» TASK INPUT:
____

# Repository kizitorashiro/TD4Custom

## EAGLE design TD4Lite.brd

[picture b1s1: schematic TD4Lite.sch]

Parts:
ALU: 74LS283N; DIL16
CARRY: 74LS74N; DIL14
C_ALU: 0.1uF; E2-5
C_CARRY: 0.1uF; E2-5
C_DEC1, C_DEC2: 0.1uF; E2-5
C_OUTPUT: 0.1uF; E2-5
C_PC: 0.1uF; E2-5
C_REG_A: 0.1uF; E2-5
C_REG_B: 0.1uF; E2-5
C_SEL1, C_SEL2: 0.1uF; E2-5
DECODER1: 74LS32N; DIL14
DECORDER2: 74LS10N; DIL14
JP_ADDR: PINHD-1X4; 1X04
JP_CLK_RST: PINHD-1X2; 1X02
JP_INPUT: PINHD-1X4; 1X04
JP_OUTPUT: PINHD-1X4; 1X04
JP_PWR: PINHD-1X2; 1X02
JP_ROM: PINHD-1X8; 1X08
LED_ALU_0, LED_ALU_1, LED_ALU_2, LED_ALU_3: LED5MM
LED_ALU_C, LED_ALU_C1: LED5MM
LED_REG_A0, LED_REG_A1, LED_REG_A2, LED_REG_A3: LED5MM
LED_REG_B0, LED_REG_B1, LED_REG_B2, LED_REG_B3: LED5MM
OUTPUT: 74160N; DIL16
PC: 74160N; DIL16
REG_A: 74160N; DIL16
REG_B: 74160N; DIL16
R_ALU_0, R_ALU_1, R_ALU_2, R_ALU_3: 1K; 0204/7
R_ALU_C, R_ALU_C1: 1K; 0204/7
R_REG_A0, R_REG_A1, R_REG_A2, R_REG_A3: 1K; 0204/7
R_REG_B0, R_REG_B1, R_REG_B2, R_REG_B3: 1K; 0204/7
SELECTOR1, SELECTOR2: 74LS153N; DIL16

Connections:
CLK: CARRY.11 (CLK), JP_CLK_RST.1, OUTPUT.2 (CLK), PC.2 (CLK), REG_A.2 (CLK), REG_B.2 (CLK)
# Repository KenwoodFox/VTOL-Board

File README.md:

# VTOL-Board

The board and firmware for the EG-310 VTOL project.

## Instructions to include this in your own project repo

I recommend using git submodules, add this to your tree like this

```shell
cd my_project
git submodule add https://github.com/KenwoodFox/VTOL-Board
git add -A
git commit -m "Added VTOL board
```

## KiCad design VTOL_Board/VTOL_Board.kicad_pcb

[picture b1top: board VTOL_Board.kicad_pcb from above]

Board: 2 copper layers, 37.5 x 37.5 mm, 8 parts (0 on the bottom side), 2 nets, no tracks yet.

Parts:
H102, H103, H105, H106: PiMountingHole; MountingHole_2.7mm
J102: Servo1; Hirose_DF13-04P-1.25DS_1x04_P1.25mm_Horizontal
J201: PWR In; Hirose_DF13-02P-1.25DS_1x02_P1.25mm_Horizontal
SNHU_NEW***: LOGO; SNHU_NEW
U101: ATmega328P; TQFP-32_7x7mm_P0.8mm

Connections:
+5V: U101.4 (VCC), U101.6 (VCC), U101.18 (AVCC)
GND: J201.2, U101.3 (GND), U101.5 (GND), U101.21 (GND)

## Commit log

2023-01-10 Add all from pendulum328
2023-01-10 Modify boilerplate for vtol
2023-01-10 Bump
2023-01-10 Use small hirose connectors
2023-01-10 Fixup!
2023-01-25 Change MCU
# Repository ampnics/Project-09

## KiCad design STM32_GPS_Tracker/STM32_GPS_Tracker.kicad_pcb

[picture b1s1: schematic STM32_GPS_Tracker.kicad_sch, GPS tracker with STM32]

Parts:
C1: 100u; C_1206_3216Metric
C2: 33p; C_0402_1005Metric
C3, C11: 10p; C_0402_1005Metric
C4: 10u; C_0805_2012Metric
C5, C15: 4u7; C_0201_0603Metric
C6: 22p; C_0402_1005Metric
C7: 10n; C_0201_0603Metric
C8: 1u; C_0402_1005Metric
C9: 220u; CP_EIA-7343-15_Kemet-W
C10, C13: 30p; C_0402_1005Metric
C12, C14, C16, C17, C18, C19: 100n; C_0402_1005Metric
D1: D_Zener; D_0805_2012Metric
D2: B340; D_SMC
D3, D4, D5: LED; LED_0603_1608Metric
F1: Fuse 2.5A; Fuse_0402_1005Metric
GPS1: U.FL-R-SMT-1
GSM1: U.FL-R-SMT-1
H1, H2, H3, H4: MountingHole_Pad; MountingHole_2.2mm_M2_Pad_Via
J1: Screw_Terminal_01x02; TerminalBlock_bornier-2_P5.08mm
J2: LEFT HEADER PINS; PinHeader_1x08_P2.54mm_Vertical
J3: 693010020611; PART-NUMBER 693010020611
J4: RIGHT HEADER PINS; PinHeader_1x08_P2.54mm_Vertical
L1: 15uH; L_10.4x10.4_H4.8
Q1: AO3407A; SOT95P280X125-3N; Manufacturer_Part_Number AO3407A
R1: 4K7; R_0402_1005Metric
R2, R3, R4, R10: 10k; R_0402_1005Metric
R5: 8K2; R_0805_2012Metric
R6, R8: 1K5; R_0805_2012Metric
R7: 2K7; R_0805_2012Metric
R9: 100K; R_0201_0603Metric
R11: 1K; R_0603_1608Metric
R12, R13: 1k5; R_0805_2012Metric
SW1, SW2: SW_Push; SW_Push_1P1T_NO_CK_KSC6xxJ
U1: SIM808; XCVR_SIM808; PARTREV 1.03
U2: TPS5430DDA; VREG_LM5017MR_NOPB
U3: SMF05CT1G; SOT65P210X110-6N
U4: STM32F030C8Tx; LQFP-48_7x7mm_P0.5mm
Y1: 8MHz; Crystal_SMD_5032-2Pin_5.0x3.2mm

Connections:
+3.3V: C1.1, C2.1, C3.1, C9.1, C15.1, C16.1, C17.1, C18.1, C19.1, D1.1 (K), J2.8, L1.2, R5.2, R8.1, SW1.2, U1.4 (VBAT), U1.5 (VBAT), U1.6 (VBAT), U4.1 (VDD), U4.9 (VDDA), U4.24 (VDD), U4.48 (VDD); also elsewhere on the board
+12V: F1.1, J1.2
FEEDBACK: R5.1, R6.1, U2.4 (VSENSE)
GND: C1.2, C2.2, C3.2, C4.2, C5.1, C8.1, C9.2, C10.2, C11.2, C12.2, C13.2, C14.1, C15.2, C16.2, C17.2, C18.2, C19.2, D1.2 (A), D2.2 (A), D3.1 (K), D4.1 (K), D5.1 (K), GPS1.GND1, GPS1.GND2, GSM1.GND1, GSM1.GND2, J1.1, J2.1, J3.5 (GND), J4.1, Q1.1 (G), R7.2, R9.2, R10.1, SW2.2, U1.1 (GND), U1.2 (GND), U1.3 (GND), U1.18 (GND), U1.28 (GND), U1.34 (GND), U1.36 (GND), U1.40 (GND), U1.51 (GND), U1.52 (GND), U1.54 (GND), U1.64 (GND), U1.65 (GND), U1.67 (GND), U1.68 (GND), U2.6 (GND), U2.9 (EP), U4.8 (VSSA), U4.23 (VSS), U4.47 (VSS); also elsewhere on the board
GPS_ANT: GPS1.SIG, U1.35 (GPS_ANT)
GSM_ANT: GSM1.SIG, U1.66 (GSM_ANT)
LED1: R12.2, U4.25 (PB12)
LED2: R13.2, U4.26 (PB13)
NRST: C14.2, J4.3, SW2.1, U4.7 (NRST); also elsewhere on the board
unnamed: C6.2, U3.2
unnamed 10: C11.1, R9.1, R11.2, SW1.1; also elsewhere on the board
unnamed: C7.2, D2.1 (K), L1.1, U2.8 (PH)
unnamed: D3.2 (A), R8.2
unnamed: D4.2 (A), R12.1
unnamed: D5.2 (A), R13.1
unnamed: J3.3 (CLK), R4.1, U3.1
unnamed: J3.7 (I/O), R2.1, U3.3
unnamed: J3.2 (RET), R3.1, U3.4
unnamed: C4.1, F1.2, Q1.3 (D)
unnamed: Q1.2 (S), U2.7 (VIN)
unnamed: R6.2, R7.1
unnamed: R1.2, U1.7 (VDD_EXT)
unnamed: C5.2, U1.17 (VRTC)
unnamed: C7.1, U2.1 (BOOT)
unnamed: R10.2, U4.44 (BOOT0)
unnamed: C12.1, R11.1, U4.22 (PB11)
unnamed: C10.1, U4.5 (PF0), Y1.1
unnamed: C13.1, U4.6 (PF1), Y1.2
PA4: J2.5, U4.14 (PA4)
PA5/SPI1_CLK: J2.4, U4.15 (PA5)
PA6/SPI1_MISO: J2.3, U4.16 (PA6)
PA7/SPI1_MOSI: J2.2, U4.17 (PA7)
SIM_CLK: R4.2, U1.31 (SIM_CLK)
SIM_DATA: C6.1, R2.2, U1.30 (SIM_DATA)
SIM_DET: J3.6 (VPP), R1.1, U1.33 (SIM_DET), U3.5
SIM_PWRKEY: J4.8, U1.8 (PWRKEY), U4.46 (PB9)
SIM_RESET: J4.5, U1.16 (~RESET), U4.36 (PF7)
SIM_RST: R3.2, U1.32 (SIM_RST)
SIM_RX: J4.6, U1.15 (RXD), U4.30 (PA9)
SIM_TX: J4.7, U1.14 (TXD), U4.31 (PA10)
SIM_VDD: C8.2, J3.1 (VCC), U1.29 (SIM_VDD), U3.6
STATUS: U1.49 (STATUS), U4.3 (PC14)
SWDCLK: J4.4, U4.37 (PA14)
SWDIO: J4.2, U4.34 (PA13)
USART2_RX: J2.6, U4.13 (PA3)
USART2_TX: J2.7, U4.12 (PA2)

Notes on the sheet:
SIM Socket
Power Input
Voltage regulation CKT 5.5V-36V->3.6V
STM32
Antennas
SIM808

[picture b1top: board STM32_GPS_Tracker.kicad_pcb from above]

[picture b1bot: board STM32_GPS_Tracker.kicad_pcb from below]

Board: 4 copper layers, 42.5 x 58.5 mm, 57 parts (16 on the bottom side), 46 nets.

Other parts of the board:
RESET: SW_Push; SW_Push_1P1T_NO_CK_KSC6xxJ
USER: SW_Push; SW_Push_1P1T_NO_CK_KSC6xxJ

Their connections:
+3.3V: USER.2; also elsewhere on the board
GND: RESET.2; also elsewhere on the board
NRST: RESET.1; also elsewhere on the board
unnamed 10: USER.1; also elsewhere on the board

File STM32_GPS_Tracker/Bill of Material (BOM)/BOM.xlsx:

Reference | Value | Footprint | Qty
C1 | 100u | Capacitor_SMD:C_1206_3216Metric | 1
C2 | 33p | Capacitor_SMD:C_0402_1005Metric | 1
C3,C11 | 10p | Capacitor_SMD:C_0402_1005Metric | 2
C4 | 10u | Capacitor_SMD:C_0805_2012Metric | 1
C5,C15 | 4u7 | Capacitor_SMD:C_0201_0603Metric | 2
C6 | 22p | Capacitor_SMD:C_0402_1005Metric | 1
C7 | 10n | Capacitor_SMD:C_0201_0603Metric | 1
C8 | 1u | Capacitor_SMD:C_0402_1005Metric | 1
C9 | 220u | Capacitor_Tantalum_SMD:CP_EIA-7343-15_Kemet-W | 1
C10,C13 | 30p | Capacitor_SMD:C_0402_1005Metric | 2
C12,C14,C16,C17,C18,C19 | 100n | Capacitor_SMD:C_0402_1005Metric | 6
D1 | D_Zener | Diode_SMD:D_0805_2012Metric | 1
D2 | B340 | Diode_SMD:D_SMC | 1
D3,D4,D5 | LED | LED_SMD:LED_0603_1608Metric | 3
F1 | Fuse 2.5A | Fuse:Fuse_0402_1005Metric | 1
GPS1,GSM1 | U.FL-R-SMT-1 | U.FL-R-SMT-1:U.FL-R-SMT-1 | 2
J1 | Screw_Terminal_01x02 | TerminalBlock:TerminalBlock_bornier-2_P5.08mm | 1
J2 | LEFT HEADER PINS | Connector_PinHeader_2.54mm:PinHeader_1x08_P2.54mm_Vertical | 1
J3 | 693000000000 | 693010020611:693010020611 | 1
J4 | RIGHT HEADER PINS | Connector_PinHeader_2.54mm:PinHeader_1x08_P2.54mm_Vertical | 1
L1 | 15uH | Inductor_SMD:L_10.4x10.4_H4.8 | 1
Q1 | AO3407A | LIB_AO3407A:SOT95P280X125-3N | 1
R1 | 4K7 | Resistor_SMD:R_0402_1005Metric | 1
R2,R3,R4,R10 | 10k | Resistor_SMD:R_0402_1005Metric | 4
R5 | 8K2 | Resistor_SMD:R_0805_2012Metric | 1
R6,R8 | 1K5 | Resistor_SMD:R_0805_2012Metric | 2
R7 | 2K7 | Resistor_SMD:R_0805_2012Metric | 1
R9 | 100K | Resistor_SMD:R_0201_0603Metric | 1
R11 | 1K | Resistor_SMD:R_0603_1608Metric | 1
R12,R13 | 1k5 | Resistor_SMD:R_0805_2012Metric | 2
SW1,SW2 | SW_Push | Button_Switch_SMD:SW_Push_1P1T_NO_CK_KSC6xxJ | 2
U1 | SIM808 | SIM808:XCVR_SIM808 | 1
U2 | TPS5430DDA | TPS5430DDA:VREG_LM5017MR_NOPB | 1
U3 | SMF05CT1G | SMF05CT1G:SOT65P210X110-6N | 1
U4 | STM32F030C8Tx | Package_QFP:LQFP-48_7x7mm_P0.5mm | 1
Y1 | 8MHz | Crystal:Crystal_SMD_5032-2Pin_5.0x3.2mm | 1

____

» PROBLEM DETAILS:
Write out only the lines that run from the line containing "unnamed: R10.2, U4.44 (BOOT0)" through the line containing "File STM32_GPS_Tracker/Bill of", both included, exactly as they appear above.

» OUTPUT BELOW:
unnamed: R10.2, U4.44 (BOOT0)
unnamed: C12.1, R11.1, U4.22 (PB11)
unnamed: C10.1, U4.5 (PF0), Y1.1
unnamed: C13.1, U4.6 (PF1), Y1.2
PA4: J2.5, U4.14 (PA4)
PA5/SPI1_CLK: J2.4, U4.15 (PA5)
PA6/SPI1_MISO: J2.3, U4.16 (PA6)
PA7/SPI1_MOSI: J2.2, U4.17 (PA7)
SIM_CLK: R4.2, U1.31 (SIM_CLK)
SIM_DATA: C6.1, R2.2, U1.30 (SIM_DATA)
SIM_DET: J3.6 (VPP), R1.1, U1.33 (SIM_DET), U3.5
SIM_PWRKEY: J4.8, U1.8 (PWRKEY), U4.46 (PB9)
SIM_RESET: J4.5, U1.16 (~RESET), U4.36 (PF7)
SIM_RST: R3.2, U1.32 (SIM_RST)
SIM_RX: J4.6, U1.15 (RXD), U4.30 (PA9)
SIM_TX: J4.7, U1.14 (TXD), U4.31 (PA10)
SIM_VDD: C8.2, J3.1 (VCC), U1.29 (SIM_VDD), U3.6
STATUS: U1.49 (STATUS), U4.3 (PC14)
SWDCLK: J4.4, U4.37 (PA14)
SWDIO: J4.2, U4.34 (PA13)
USART2_RX: J2.6, U4.13 (PA3)
USART2_TX: J2.7, U4.12 (PA2)

Notes on the sheet:
SIM Socket
Power Input
Voltage regulation CKT 5.5V-36V->3.6V
STM32
Antennas
SIM808

[picture b1top: board STM32_GPS_Tracker.kicad_pcb from above]

[picture b1bot: board STM32_GPS_Tracker.kicad_pcb from below]

Board: 4 copper layers, 42.5 x 58.5 mm, 57 parts (16 on the bottom side), 46 nets.

Other parts of the board:
RESET: SW_Push; SW_Push_1P1T_NO_CK_KSC6xxJ
USER: SW_Push; SW_Push_1P1T_NO_CK_KSC6xxJ

Their connections:
+3.3V: USER.2; also elsewhere on the board
GND: RESET.2; also elsewhere on the board
NRST: RESET.1; also elsewhere on the board
unnamed 10: USER.1; also elsewhere on the board

File STM32_GPS_Tracker/Bill of Material (BOM)/BOM.xlsx:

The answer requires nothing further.